Что со мной случилось, я не понимала. В самолет садилась буквально через силу.
Из аэропорта сразу позвонила.

-У нас дедушка умер, - это Леночкина дочка.
Отец подруги болел давно, два года не поднимался с постели, и его смерть была избавлением от страданий и даже где-то делом обычным, ведь старичку было ни много, ни мало – 87 лет. Пожил на славу.

Муж занимался служебными делами, а мы с Леной поехали на похороны.
В доме ее родителей сновали родственники, приехавшая из Москвы старшая сестра. Мать Лены вышла ко мне и по-детски спряталась лицом в плече, беззвучно заплакав. Я помню ее всегда строгой, немного высокомерной дамой, а сейчас она была  беззащитной и потерянной.

- Сокол мой ясный, сокол мой,- по-деревенски причитала она, и мне подумалось, смогу ли я когда-нибудь назвать так своего Серегу?

Их семья всегда казалась мне идеальной. Антонина Александровна любила цитировать писателей, говорила правильные вещи, всех дочерей научила домоводству, даже в преклонном возрасте содержала дом в порядке и чистоте, и вообще казалась мне эталонной матерью и женой. Она прожила в браке со своим единственным мужем почти 60 лет. Я подумала об этом и прикинула эту планку на себя. Нет, мне ее не взять.

Мы не виделись с Леночкиной свадьбы. Нина Александровна постарела, но ни седина, ни морщины не испортили ее прекрасное, полное достоинства лицо.
Она смотрела на портрет мужа и говорила, говорила. Чувства так переполняли ее, что им надо было выплеснуться, одной их было не поднять. Все сокрушалась, что прозевала последний миг, вышла на кухню. Чувствовала себя виноватой. О больном муже говорила как о ребенке - с нежностью и заботой. Даже тени усталости не проскользнуло, ни  разу не пожаловалась. А ведь два года ходить за смертельно больным человеком – это немалое мужество и терпение.

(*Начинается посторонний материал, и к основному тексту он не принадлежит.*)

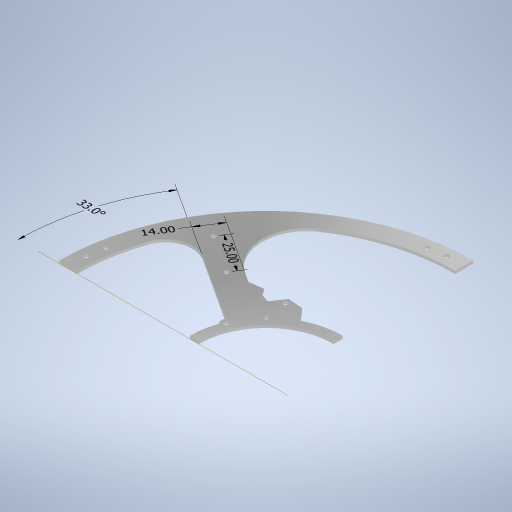
# Autodesk Inventor part: body_plate
Saved by Autodesk Inventor 2024.1 (Build 281209000, 209)
## iProperties
Created: 2024-08-02
Part Number: body_plate
Material: アルミニウム 6061
Document SubType Name: Sheet Metal
Designer: hibik
Density: 2.7 g/cm^3
Appearance: アルミニウム - フラット
Sheet Metal Rule: Default_mm
Author: hibik
Autodesk Inventor part; units mm, degrees
ref_plane "YZ Plane" through (0, 0, 0) normal (1, 0, 0) x (0, 1, 0)
ref_plane "XZ Plane" through (0, 0, 0) normal (0, 1, 0) x (-1, 0, 0)
ref_plane "XY Plane" through (0, 0, 0) normal (0, 0, 1) x (1, 0, 0)
sketch "スケッチ1" plane through (0, 0, 0) normal (0, 1, 0) x (-1, 0, 0)
  circle A0 centre (0, 0) radius 67
  circle A1 centre (0, 0) radius 62
  circle A2 centre (0, 0) radius 115
  circle A3 centre (0, 0) radius 105
  dimension "d0" = 134
  dimension "d1" = 124
  dimension "d2" = 230
  dimension "d5" = 210
  constraints: 4 centre point, 4 coincident
  measures "d0" diameter of A0
  measures "d1" diameter of A1
  measures "d2" diameter of A2
  measures "d5" diameter of A3
extrude "押し出し1" add sketch "スケッチ1" along normal blind 1.5
sketch "スケッチ2" plane through (0, 0, 0) normal (0, -1, 0) x (1, 0, 0)
  line L0 (40.8211, -35.6706) -> (45.1461, -32.6728) projected
  line L1 (45.1461, -32.6728) -> (44.7842, -28.2962) projected
  arc A0 (44.7842, -28.2962) -> (43.4491, -27.9248) centre (43.6139, -29.918) ccw projected
  line L2 (43.4491, -27.9248) -> (41.9542, -28.0485) projected
  arc A1 (41.9542, -28.0485) -> (38.889, -32.5383) centre (42.2426, -31.5365) ccw projected
  line L3 (38.889, -32.5383) -> (39.4183, -34.3101) projected
  arc A2 (39.4183, -34.3101) -> (40.8211, -35.6706) centre (41.3346, -33.7377) ccw projected
  circle A3 centre (42.2426, -31.5365) radius 1.35 projected
  arc A4 (20.2759, -44.9821) -> (16.4994, -41.7824) centre (16.7878, -45.2705) ccw projected
  line L4 (20.2759, -44.9821) -> (19.699, -38.0059) projected
  arc A5 (19.699, -38.0059) -> (15.9225, -34.8062) centre (16.2109, -38.2943) ccw projected
  line L5 (15.9225, -34.8062) -> (12.4344, -35.0947) projected
  line L6 (12.4344, -35.0947) -> (13.0113, -42.0709) projected
  line L7 (13.0113, -42.0709) -> (16.4994, -41.7824) projected
  circle A6 centre (16.2109, -38.2943) radius 1.35 projected
  line L8 (-32.6728, -45.1461) -> (-28.2962, -44.7842) projected
  arc A7 (-28.2962, -44.7842) -> (-27.9248, -43.4491) centre (-29.918, -43.6139) ccw projected
  line L9 (-27.9248, -43.4491) -> (-28.0485, -41.9542) projected
  arc A8 (-28.0485, -41.9542) -> (-32.5383, -38.889) centre (-31.5365, -42.2426) ccw projected
  line L10 (-32.5383, -38.889) -> (-34.3101, -39.4183) projected
  arc A9 (-34.3101, -39.4183) -> (-35.6706, -40.8211) centre (-33.7377, -41.3346) ccw projected
  line L11 (-35.6706, -40.8211) -> (-32.6728, -45.1461) projected
  circle A10 centre (-31.5365, -42.2426) radius 1.35 projected
  arc A11 (-44.9821, -20.2759) -> (-41.7824, -16.4994) centre (-45.2705, -16.7878) ccw projected
  line L12 (-44.9821, -20.2759) -> (-38.0059, -19.699) projected
  arc A12 (-38.0059, -19.699) -> (-34.8062, -15.9225) centre (-38.2943, -16.2109) ccw projected
  line L13 (-34.8062, -15.9225) -> (-35.0947, -12.4344) projected
  line L14 (-35.0947, -12.4344) -> (-42.0709, -13.0113) projected
  line L15 (-42.0709, -13.0113) -> (-41.7824, -16.4994) projected
  circle A13 centre (-38.2943, -16.2109) radius 1.35 projected
  arc A14 (-20.2759, 44.9821) -> (-16.4994, 41.7824) centre (-16.7878, 45.2705) ccw projected
  line L16 (-20.2759, 44.9821) -> (-19.699, 38.0059) projected
  arc A15 (-19.699, 38.0059) -> (-15.9225, 34.8062) centre (-16.2109, 38.2943) ccw projected
  line L17 (-15.9225, 34.8062) -> (-12.4344, 35.0947) projected
  line L18 (-12.4344, 35.0947) -> (-13.0113, 42.0709) projected
  line L19 (-13.0113, 42.0709) -> (-16.4994, 41.7824) projected
  circle A16 centre (-16.2109, 38.2943) radius 1.35 projected
  line L20 (35.6706, 40.8211) -> (32.6728, 45.1461) projected
  line L21 (32.6728, 45.1461) -> (28.2962, 44.7842) projected
  arc A17 (28.2962, 44.7842) -> (27.9248, 43.4491) centre (29.918, 43.6139) ccw projected
  line L22 (27.9248, 43.4491) -> (28.0485, 41.9542) projected
  arc A18 (28.0485, 41.9542) -> (32.5383, 38.889) centre (31.5365, 42.2426) ccw projected
  line L23 (32.5383, 38.889) -> (34.3101, 39.4183) projected
  arc A19 (34.3101, 39.4183) -> (35.6706, 40.8211) centre (33.7377, 41.3346) ccw projected
  circle A20 centre (31.5365, 42.2426) radius 1.35 projected
  circle A21 centre (-42.2426, 31.5365) radius 1.35 projected
  line L24 (-40.8211, 35.6706) -> (-45.1461, 32.6728) projected
  line L25 (-45.1461, 32.6728) -> (-44.7842, 28.2962) projected
  arc A22 (-44.7842, 28.2962) -> (-43.4491, 27.9248) centre (-43.6139, 29.918) ccw projected
  line L26 (-43.4491, 27.9248) -> (-41.9542, 28.0485) projected
  arc A23 (-41.9542, 28.0485) -> (-38.889, 32.5383) centre (-42.2426, 31.5365) ccw projected
  line L27 (-38.889, 32.5383) -> (-39.4183, 34.3101) projected
  arc A24 (-39.4183, 34.3101) -> (-40.8211, 35.6706) centre (-41.3346, 33.7377) ccw projected
  arc A25 (44.9821, 20.2759) -> (41.7824, 16.4994) centre (45.2705, 16.7878) ccw projected
  line L28 (44.9821, 20.2759) -> (38.0059, 19.699) projected
  arc A26 (38.0059, 19.699) -> (34.8062, 15.9225) centre (38.2943, 16.2109) ccw projected
  line L29 (34.8062, 15.9225) -> (35.0947, 12.4344) projected
  line L30 (35.0947, 12.4344) -> (42.0709, 13.0113) projected
  line L31 (42.0709, 13.0113) -> (41.7824, 16.4994) projected
  circle A27 centre (38.2943, 16.2109) radius 1.35 projected
  circle A28 centre (0, 0) radius 37.5
  line L32 (16.9004, -64.8335) -> (16.4816, -59.7692) projected
  arc A29 (16.9004, -64.8335) -> (45.2274, -49.4315) centre (0, 0) ccw projected
  line L33 (44.838, -44.7223) -> (45.2274, -49.4315) projected
  arc A30 (39.1412, -40.3701) -> (44.838, -44.7223) centre (44.986, -38.6241) ccw projected
  line L34 (36.9727, -33.1108) -> (39.1412, -40.3701) projected
  arc A31 (41.7893, -26.0553) -> (36.9727, -33.1108) centre (42.2426, -31.5365) ccw projected
  line L35 (45.2774, -25.7668) -> (41.7893, -26.0553) projected
  line L36 (45.2319, -25.2161) -> (45.2774, -25.7668) projected
  line L37 (45.2319, -25.2161) -> (29.6057, -11.9768) projected
  arc A32 (16.6771, -27.2363) -> (29.6057, -11.9768) centre (0, 0) ccw projected
  line L38 (16.6771, -27.2363) -> (40.2207, -47.1836) projected
  arc A33 (16.4816, -59.7692) -> (40.2207, -47.1836) centre (0, 0) ccw projected
  line L39 (-64.8335, -16.9004) -> (-59.7692, -16.4816) projected
  arc A34 (-64.8335, -16.9004) -> (-49.4315, -45.2274) centre (0, 0) ccw projected
  line L40 (-44.7223, -44.838) -> (-49.4315, -45.2274) projected
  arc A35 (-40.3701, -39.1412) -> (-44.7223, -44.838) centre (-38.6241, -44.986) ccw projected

Пришел автобус, все сели и поехали в ритуальный зал. Людей было мало. Старики переехали поближе к дочерям из Таджикистана, где Сам служил последние годы. Жили скромно и уединенно, знали соседку по площадке и общались только с детьми и внуками. В автобусе были только сослуживцы старшей и младшей дочерей, которые или плохо, или совсем не знали того, с кем пришли попрощаться. Но он воспитал своих детей так, что уважение к ним естественно переходило в уважение к их родителям, и чужие, в принципе, люди сочли своим долгом проводить его в последний путь.

Фотография была с Доски почета. Строгое, открытое лицо, вся грудь в орденах. По-хорошему, сейчас бы выставить почетный караул, награды положить на бархатные подушечки. Но его здесь никто не знал, в отставку он ушел много лет назад, а награды жена берегла в шкатулке под бельем, и, так же как и он, не была приучена к помпе. Всю жизнь супруги вместе с оравой ребятишек мотались по гарнизонам, все у них было просто, без излишеств, по-спартански, по-военному. И теперь, когда закончился путь главы семьи, этот конец тоже был простым, лаконичным, достойным, и не напоказ.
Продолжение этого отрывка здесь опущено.